But I will go through whatever it takes. I will do whatever it takes for the sake of my kid. I just had to vent this.


----------



## Shooboomafoo (Mar 30, 2011)

Blah blah blah...


----------



## Shooboomafoo (Mar 30, 2011)

I guess this would fall into the category of being sure that all of the possible scenarios be considered when drafting a parenting plan or divorce agreement. LEave nothing to be subjected to "I didnt say thaaaaatt!!!"...


----------



## Deejo (May 20, 2008)

You will always be attached.

And that can be both challenging, difficult and hopefully at times, rewarding.
Ex and I have a pretty good rapport in the scheme of things. 

Occasionally my ex will try to play the "your being selfish ..." and I simply don't bite.

"We have made choices. Those choices have consequences. Both of us are seldom going to like those consequences."

Keep your boundaries up and keep the puzzle box nearby. The cenobites were referred in one of the movies as 'angels of pain' ... an appropriate moniker at times for an ex-spouse.


----------



## Deejo (May 20, 2008)

And yes ... if you want it to be enforceable, it needs to be in writing.


----------



## LonelyNLost (Dec 11, 2010)

And sometimes, it's even in the agreement, but the other party acts like it is something they've never heard of. Like "right of first refusal". Don't you know, the world revolves around our exes? We are merely pawns in their game of life! LOL. 

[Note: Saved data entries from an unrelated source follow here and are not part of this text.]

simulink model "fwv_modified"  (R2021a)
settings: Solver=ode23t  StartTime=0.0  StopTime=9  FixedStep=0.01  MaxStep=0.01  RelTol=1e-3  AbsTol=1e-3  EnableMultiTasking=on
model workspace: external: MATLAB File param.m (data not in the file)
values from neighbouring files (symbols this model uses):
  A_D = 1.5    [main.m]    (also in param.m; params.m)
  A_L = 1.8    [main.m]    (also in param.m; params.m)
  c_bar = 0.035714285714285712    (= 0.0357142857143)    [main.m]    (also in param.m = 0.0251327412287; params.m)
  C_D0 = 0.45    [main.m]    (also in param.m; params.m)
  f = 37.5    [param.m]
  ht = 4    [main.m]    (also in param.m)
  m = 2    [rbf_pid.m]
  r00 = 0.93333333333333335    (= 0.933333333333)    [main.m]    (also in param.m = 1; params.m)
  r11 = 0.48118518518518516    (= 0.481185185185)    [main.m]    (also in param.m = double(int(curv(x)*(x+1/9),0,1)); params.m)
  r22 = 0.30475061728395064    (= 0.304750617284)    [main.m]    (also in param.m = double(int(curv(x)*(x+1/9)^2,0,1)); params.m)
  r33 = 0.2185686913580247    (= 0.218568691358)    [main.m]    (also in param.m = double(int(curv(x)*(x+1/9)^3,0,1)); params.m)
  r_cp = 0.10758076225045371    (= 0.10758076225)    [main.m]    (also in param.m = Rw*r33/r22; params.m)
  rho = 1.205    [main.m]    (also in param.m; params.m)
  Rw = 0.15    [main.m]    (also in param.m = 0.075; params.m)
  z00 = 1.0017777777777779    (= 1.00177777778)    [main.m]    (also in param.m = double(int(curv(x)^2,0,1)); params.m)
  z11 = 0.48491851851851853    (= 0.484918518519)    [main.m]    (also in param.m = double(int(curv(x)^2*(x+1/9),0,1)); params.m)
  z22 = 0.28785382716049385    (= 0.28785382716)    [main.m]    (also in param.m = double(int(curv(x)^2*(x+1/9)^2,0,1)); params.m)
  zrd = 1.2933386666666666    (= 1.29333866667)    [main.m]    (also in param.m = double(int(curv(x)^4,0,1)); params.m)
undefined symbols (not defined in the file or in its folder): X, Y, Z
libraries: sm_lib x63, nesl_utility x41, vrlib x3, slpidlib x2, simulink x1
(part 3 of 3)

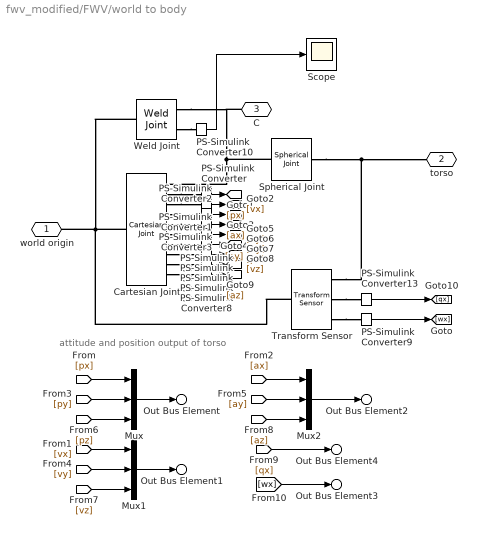
== system fwv_modified/FWV/world to body ==
  note: attitude and position output of torso
  Cartesian Joint : sm_lib/Joints/Cartesian Joint  JointMode=Normal  SenseConstraintForce=off  SenseConstraintForceX=off  SenseConstraintForceY=off  SenseConstraintForceZ=off  SenseConstraintTorque=off  SenseConstraintTorqueX=off  SenseConstraintTorqueY=off  SenseConstraintTorqueZ=off  SenseTotalForce=off  SenseTotalForceX=off  SenseTotalForceY=off  SenseTotalForceZ=off  SenseTotalTorque=off  SenseTotalTorqueX=off  SenseTotalTorqueY=off  SenseTotalTorqueZ=off  CompositeWrenchDir=FollowerOnBase  CompositeWrenchFrame=BaseFrame  PxEquilibriumPosition=0  PxEquilibriumPositionUnits=m  PxSpringStiffness=0  PxSpringStiffnessUnits=N/m  PxDampingCoefficient=0  PxDampingCoefficientUnits=N/(m/s)  PxTorqueActuationMode=NoTorque  PxMotionActuationMode=ComputedMotion  PxSensePosition=on  PxSenseVelocity=on  PxSenseAcceleration=on  PxSenseTorqueForce=off  PxSenseLowerLimitTorqueForce=off  PxSenseUpperLimitTorqueForce=off  PxLowerLimitSpecify=off  PxLowerLimitBound=-1  PxLowerLimitBoundUnits=m  PxLowerLimitStiffness=1e6  PxLowerLimitStiffnessUnits=N/m  PxLowerLimitDamping=1e3  PxLowerLimitDampingUnits=N/(m/s)  PxLowerLimitTransitionRegionWidth=1e-4  PxLowerLimitTransitionRegionWidthUnits=m  PxUpperLimitSpecify=off  PxUpperLimitBound=1  PxUpperLimitBoundUnits=m  PxUpperLimitStiffness=1e6  PxUpperLimitStiffnessUnits=N/m  PxUpperLimitDamping=1e3  PxUpperLimitDampingUnits=N/(m/s)  PxUpperLimitTransitionRegionWidth=1e-4  PxUpperLimitTransitionRegionWidthUnits=m  PxPositionTargetSpecify=off  PxPositionTargetPriority=High  PxPositionTargetValue=0  PxPositionTargetValueUnits=m  PxVelocityTargetSpecify=off  PxVelocityTargetPriority=High  PxVelocityTargetValue=0  PxVelocityTargetValueUnits=m/s  PyEquilibriumPosition=0  PyEquilibriumPositionUnits=m  PySpringStiffness=0  PySpringStiffnessUnits=N/m  PyDampingCoefficient=0  PyDampingCoefficientUnits=N/(m/s)  PyTorqueActuationMode=NoTorque  PyMotionActuationMode=ComputedMotion  PySensePosition=on  PySenseVelocity=on  PySenseAcceleration=on  PySenseTorqueForce=off  PySenseLowerLimitTorqueForce=off  PySenseUpperLimitTorqueForce=off  PyLowerLimitSpecify=off  PyLowerLimitBound=-1  PyLowerLimitBoundUnits=m  PyLowerLimitStiffness=1e6  PyLowerLimitStiffnessUnits=N/m  PyLowerLimitDamping=1e3  PyLowerLimitDampingUnits=N/(m/s)  PyLowerLimitTransitionRegionWidth=1e-4  PyLowerLimitTransitionRegionWidthUnits=m  PyUpperLimitSpecify=off  PyUpperLimitBound=1  PyUpperLimitBoundUnits=m  PyUpperLimitStiffness=1e6  PyUpperLimitStiffnessUnits=N/m  PyUpperLimitDamping=1e3  PyUpperLimitDampingUnits=N/(m/s)  PyUpperLimitTransitionRegionWidth=1e-4  PyUpperLimitTransitionRegionWidthUnits=m  PyPositionTargetSpecify=off  PyPositionTargetPriority=High  PyPositionTargetValue=0  PyPositionTargetValueUnits=m  PyVelocityTargetSpecify=off  PyVelocityTargetPriority=High  PyVelocityTargetValue=0  PyVelocityTargetValueUnits=m/s  PzEquilibriumPosition=0  PzEquilibriumPositionUnits=m  PzSpringStiffness=0  PzSpringStiffnessUnits=N/m  PzDampingCoefficient=0  PzDampingCoefficientUnits=N/(m/s)  PzTorqueActuationMode=NoTorque  PzMotionActuationMode=ComputedMotion  PzSensePosition=on  PzSenseVelocity=on  PzSenseAcceleration=on  PzSenseTorqueForce=off  PzSenseLowerLimitTorqueForce=off  PzSenseUpperLimitTorqueForce=off  PzLowerLimitSpecify=off  PzLowerLimitBound=-1  PzLowerLimitBoundUnits=m  PzLowerLimitStiffness=1e6  PzLowerLimitStiffnessUnits=N/m  PzLowerLimitDamping=1e3  PzLowerLimitDampingUnits=N/(m/s)  PzLowerLimitTransitionRegionWidth=1e-4  PzLowerLimitTransitionRegionWidthUnits=m  PzUpperLimitSpecify=off  PzUpperLimitBound=1  PzUpperLimitBoundUnits=m  PzUpperLimitStiffness=1e6  PzUpperLimitStiffnessUnits=N/m  PzUpperLimitDamping=1e3  PzUpperLimitDampingUnits=N/(m/s)  PzUpperLimitTransitionRegionWidth=1e-4  PzUpperLimitTransitionRegionWidthUnits=m  PzPositionTargetSpecify=on  PzPositionTargetPriority=High  PzPositionTargetValue=z0  PzPositionTargetValueUnits=m  PzVelocityTargetSpecify=off  PzVelocityTargetPriority=High  PzVelocityTargetValue=0  PzVelocityTargetValueUnits=m/s
  Mux : Mux  Inputs=3
  Mux1 : Mux  Inputs=3
  Mux2 : Mux  Inputs=3
  PS-Simulink Converter{,1..10,13} (12 alike) : nesl_utility/PS-Simulink Converter  PhysicalDomain=network_engine_domain  SubClassName=ps_output  LeftPortType=input  RightPortType=output  PseudoPeriodic=off  Frequencies=[]  Unit=inherit  AffineConversion=off
      settings: SourceProductBaseCode=PW,SS
  Scope : Scope
  Spherical Joint : sm_lib/Joints/Spherical Joint  JointMode=Normal  SenseConstraintForce=off  SenseConstraintForceX=off  SenseConstraintForceY=off  SenseConstraintForceZ=off  SenseConstraintTorque=off  SenseConstraintTorqueX=off  SenseConstraintTorqueY=off  SenseConstraintTorqueZ=off  SenseTotalForce=off  SenseTotalForceX=off  SenseTotalForceY=off  SenseTotalForceZ=off  SenseTotalTorque=off  SenseTotalTorqueX=off  SenseTotalTorqueY=off  SenseTotalTorqueZ=off  CompositeWrenchDir=FollowerOnBase  CompositeWrenchFrame=BaseFrame  DefPosRotationMethod=None  DefPosRotationAngleUnits=deg  DefPosRotationStandardAxis=+Z  DefPosRotationAngle=0.0  DefPosRotationArbitraryAxis=[0 0 1]  DefPosFollAlignAxisA=+X  DefPosBaseAlignAxisA=+Y  DefPosFollAlignAxisB=+Y  DefPosBaseAlignAxisB=+Z  DefPosRotationSequenceAxes=FollowerAxes  DefPosRotationSequence=XYX  DefPosRotationSequenceAngles=[0 0 0]  DefPosRotationSequenceAnglesUnits=deg  DefPosRotationMatrix=[1 0 0; 0 1 0; 0 0 1]  EqPosRotationMethod=None  EqPosRotationAngleUnits=deg  EqPosRotationStandardAxis=+Z  EqPosRotationAngle=0.0  EqPosRotationArbitraryAxis=[0 0 1]  EqPosFollAlignAxisA=+X  EqPosBaseAlignAxisA=+Y  EqPosFollAlignAxisB=+Y  EqPosBaseAlignAxisB=+Z  EqPosRotationSequenceAxes=FollowerAxes  EqPosRotationSequence=XYX  EqPosRotationSequenceAngles=[0 0 0]  EqPosRotationSequenceAnglesUnits=deg  EqPosRotationMatrix=[1 0 0; 0 1 0; 0 0 1]  SpringStiffness=0  SpringStiffnessUnits=N*m/deg  DampingCoefficient=0  DampingCoefficientUnits=N*m/(deg/s)  ActuateTorqueX=off  ActuateTorqueY=off  ActuateTorqueZ=off  ActuateTorque=off  TorqueActuationMode=NoTorque  MotionActuationMode=ComputedMotion  ActuationFrame=BaseFrame  SensePosition=off  SenseVelocityX=off  SenseVelocityY=off  SenseVelocityZ=off  SenseVelocity=off  SenseAccelerationX=off  SenseAccelerationY=off  SenseAccelerationZ=off  SenseAcceleration=off  SenseTorqueX=off  SenseTorqueY=off  SenseTorqueZ=off  SenseTorqueForce=off  SenseLowerLimitTorqueMag=off  SenseUpperLimitTorqueMag=off  SensingFrame=BaseFrame  LowerLimitSpecify=off  LowerLimitBound=15  LowerLimitBoundUnits=deg  LowerLimitStiffness=1e4  LowerLimitStiffnessUnits=N*m/deg  LowerLimitDamping=10  LowerLimitDampingUnits=N*m/(deg/s)  LowerLimitTransitionRegionWidth=0.1  LowerLimitTransitionRegionWidthUnits=deg  UpperLimitSpecify=off  UpperLimitBound=45  UpperLimitBoundUnits=deg  UpperLimitStiffness=1e4  UpperLimitStiffnessUnits=N*m/deg  UpperLimitDamping=10  UpperLimitDampingUnits=N*m/(deg/s)  UpperLimitTransitionRegionWidth=0.1  UpperLimitTransitionRegionWidthUnits=deg  PositionTargetRotationMethod=RotationSequence  PositionTargetRotationAngleUnits=deg  PositionTargetRotationStandardAxis=+Z  PositionTargetRotationAngle=0.0  PositionTargetRotationArbitraryAxis=[0 0 1]  PositionTargetFollAlignAxisA=+X  PositionTargetBaseAlignAxisA=+Y  PositionTargetFollAlignAxisB=+Y  PositionTargetBaseAlignAxisB=+Z  PositionTargetRotationSequenceAxes=FollowerAxes  PositionTargetRotationSequence=ZYX  PositionTargetRotationSequenceAngles=[r0 q0 p0]  PositionTargetRotationSequenceAnglesUnits=deg  PositionTargetRotationMatrix=[1 0 0; 0 1 0; 0 0 1]  PositionTargetSpecify=on  PositionTargetPriority=High  VelocityTargetValue=[0 0 0]  VelocityTargetValueUnits=deg/s  VelocityTargetSpecify=off  VelocityTargetPriority=High  VelocityTargetInFollowerFrame=on
  Transform Sensor : sm_lib/Frames and Transforms/Transform Sensor  MeasurementFrame=NonRotatingBase  SenseAngle=off  SenseAxis=off  SenseAngle1=off  SenseAngle2=off  SenseAngle3=off  SenseQ=off  SenseR=on  SenseOmegaX=off  SenseOmegaY=off  SenseOmegaZ=off  SenseOmega1=off  SenseOmega2=off  SenseOmega3=off  SenseQDot=off  SenseRDot=on  SenseAlphaX=off  SenseAlphaY=off  SenseAlphaZ=off  SenseAlpha1=off  SenseAlpha2=off  SenseAlpha3=off  SenseQDDot=off  SenseRDDot=off  SenseX=off  SenseY=off  SenseZ=off  SenseRad=off  SenseAzim=off  SenseDist=off  SenseInc=off  SenseXDot=off  SenseYDot=off  SenseZDot=off  SenseRadDot=off  SenseAzimDot=off  SenseDistDot=off  SenseIncDot=off  SenseXDDot=off  SenseYDDot=off  SenseZDDot=off  SenseRadDDot=off  SenseAzimDDot=off  SenseDistDDot=off  SenseIncDDot=off
  Weld Joint : sm_lib/Joints/Weld Joint  JointMode=Normal  SenseConstraintForce=off  SenseConstraintForceX=off  SenseConstraintForceY=off  SenseConstraintForceZ=off  SenseConstraintTorque=off  SenseConstraintTorqueX=off  SenseConstraintTorqueY=off  SenseConstraintTorqueZ=off  SenseTotalForce=on  SenseTotalForceX=off  SenseTotalForceY=off  SenseTotalForceZ=off  SenseTotalTorque=off  SenseTotalTorqueX=off  SenseTotalTorqueY=off  SenseTotalTorqueZ=off  CompositeWrenchDir=FollowerOnBase  CompositeWrenchFrame=BaseFrame
  world origin : PMIOPort  Side=Left
  torso : PMIOPort  Port=2  Side=Right
  C : PMIOPort  Port=3  Side=Left
  Out Bus Element : Outport  PortName=torso_  Element=p
  Out Bus Element1 : Outport  PortName=torso_  Element=v
  Out Bus Element2 : Outport  PortName=torso_  Element=a
  Out Bus Element3 : Outport  PortName=torso_  Element=Rd
  Out Bus Element4 : Outport  PortName=torso_  Element=R
  wires:
  [vy] -> Mux1/2
  [px] -> Mux/1
  [ax] -> Mux2/1
  [vz] -> Mux1/3
  Mux1/1 -> Out Bus Element1/1
  [az] -> Mux2/3
  [vx] -> Mux1/1
  [ay] -> Mux2/2
  [pz] -> Mux/3
  Mux/1 -> Out Bus Element/1
  Mux2/1 -> Out Bus Element2/1
  [py] -> Mux/2
  PS-Simulink Converter7/1 -> [vz]
  PS-Simulink Converter4/1 -> [vy]
  PS-Simulink Converter5/1 -> [ay]
  PS-Simulink Converter1/1 -> [vx]
  PS-Simulink Converter3/1 -> [py]
  PS-Simulink Converter/1 -> [px]
  PS-Simulink Converter2/1 -> [ax]
  PS-Simulink Converter6/1 -> [pz]
  PS-Simulink Converter8/1 -> [az]
  [qx] -> Out Bus Element4/1
  PS-Simulink Converter13/1 -> [qx]
  PS-Simulink Converter9/1 -> [wx]
  [wx] -> Out Bus Element3/1
  PS-Simulink Converter10/1 -> Scope/1
  connections:
  Transform Sensor/RConn1 -- Spherical Joint/RConn1 -- torso/RConn1
  Spherical Joint/LConn1 -- Weld Joint/RConn1 -- C/RConn1 -- Cartesian Joint/RConn1
  Transform Sensor/RConn2 -- PS-Simulink Converter13/LConn1
  Cartesian Joint/RConn2 -- PS-Simulink Converter/LConn1
  Transform Sensor/RConn3 -- PS-Simulink Converter9/LConn1
  Cartesian Joint/RConn3 -- PS-Simulink Converter1/LConn1
  Cartesian Joint/RConn4 -- PS-Simulink Converter2/LConn1
  Cartesian Joint/RConn5 -- PS-Simulink Converter3/LConn1
  Cartesian Joint/RConn6 -- PS-Simulink Converter4/LConn1
  Cartesian Joint/RConn7 -- PS-Simulink Converter5/LConn1
  Cartesian Joint/RConn8 -- PS-Simulink Converter6/LConn1
  Cartesian Joint/RConn9 -- PS-Simulink Converter7/LConn1
  Cartesian Joint/RConn10 -- PS-Simulink Converter8/LConn1
  Transform Sensor/LConn1 -- world origin/RConn1 -- Weld Joint/LConn1 -- Cartesian Joint/LConn1
  Weld Joint/RConn2 -- PS-Simulink Converter10/LConn1

== system fwv_modified/Controller/Inner PD/get D ==
  In1 : Inport
  Mux : Mux  Inputs=3
  Selector : Selector  NumberOfDimensions=2  InputPortWidth=3  IndexOptions=Index vector (dialog),Index vector (dialog)  Indices=3,2  OutputSizes=1,1
  Selector1 : Selector  NumberOfDimensions=2  InputPortWidth=3  IndexOptions=Index vector (dialog),Index vector (dialog)  Indices=1,3  OutputSizes=1,1
  Selector2 : Selector  NumberOfDimensions=2  InputPortWidth=3  IndexOptions=Index vector (dialog),Index vector (dialog)  Indices=2,1  OutputSizes=1,1
  Transfer Fcn : TransferFcn  Denominator=[1/f 1]
  omega : Outport
  wires:
  In1/1 -> Selector2/1, Selector1/1, Selector/1
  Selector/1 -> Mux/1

Could you suggest a nearby meeting place like the school or a park so that you don't have to go to the home? What does the decree say as far as transportation (who is responsible)?


----------



## Jellybeans (Mar 8, 2011)

_I think its my turn to be a bit centered on myself in terms of my goals and actions_

I agree. I hope it gets easier soon for you, Shoo. You have been through hell with your ex but ya know what, you are doing just fine w/o her. 

Try not to let her get to you as best you can.


----------



## angelpixie (Mar 2, 2012)

Absolutely spot on as far as getting everything in writing. Your ex sounds like lot like mine, Shoo, with the 'memory' problems. As we're writing out our plan, I'm adding all kinds of extra things like 'right of first refusal' (he didn't even know what that was) and other things that a normal person would think of as common sense. He thinks I'm making it too specific, but I'm taking NO chances. I know him too well. 

But what we have to remember, Shoo, is that people like our exes are psychologically unhealthy. They don't know about boundaries, or empathy, or considering the effects of their actions/decisions on others. We cannot assume anything with these people and we cannot ever give them the benefit of the doubt. 

I'm in a similar situation in that our house is in a lousy school district, and I moved into the better one (into a crummy little rental that I can't do anything to fix up), but at least there's no way ex can now say that the other district is not bad. We had to send DS to a private school for preschool thru 3rd grade (yay for financial aid). But now that he wants to move into this district, too, I can imagine that there will be some other issue to deal with.

Stay strong, Shoo. And don't feel bad about venting. You know we understand. We've been through the mindf*ck, too.


----------



## ing (Mar 26, 2011)

Hi Shoo
This is normal. She WANTS you to be involved in her life. She WANTS you there because every time there is some tension she can use that to bolster her pathetic relationships with venom about you. My Ex is habitually late on swap over day. So the kids and I got sick of this, just organised ourselves and left her to drop of the bags whenever the fck she wanted to.. The kids being older helps here.. 
The phone calls have stopped. I said and I quote..
" I do not want to talk or see you. All communication must be either by text or email" This gives me a written record of everything and the mind games stopped. She was a bit put out..
If she doesn't want daycare then she can drop her off at your house! That is a consequence of her dropping daycare. Not your deal. If she won't then you do NOT have to go to the door. Simply call from outside and she can bring your kid out to your car. fck that mind game. 
Shoo. This makes me so mad because it exactly the same sort of carp they all pull, and it is directly linked to you not making her the center of your world anymore. 

Emails.. Yes. They are good at dropping a barb or two in there. I wrote a little script that runs on all her emails.. Strip out anything that does not contain word from allowed word list. kids name. school, emergency etc. Was fun to write and makes her emails really short. Sometimes it just strips the entire email leaving a bank page. More often it comes up with one line out of a screed of text. 
[used bash grep and sed]

You can only win with her by not fighting. Think of it as mental jujitsu. 

Signed.
Mr Grumpy. Australia.


----------



## Paradise (Dec 16, 2011)

Ing, 

Good advice. 

Shoo, there is no reason you have to be the one that drops her off all the time and picks her up. Your ex wants to control you by doing this. Next time you have to drop her off just say that you will meet somewhere. No reason at all you have to go by that house....EVER! 

If you have to go there to get your child then she should have to come to you as well. But....I wouldn't be dropping the kid off at my old house....no way.


----------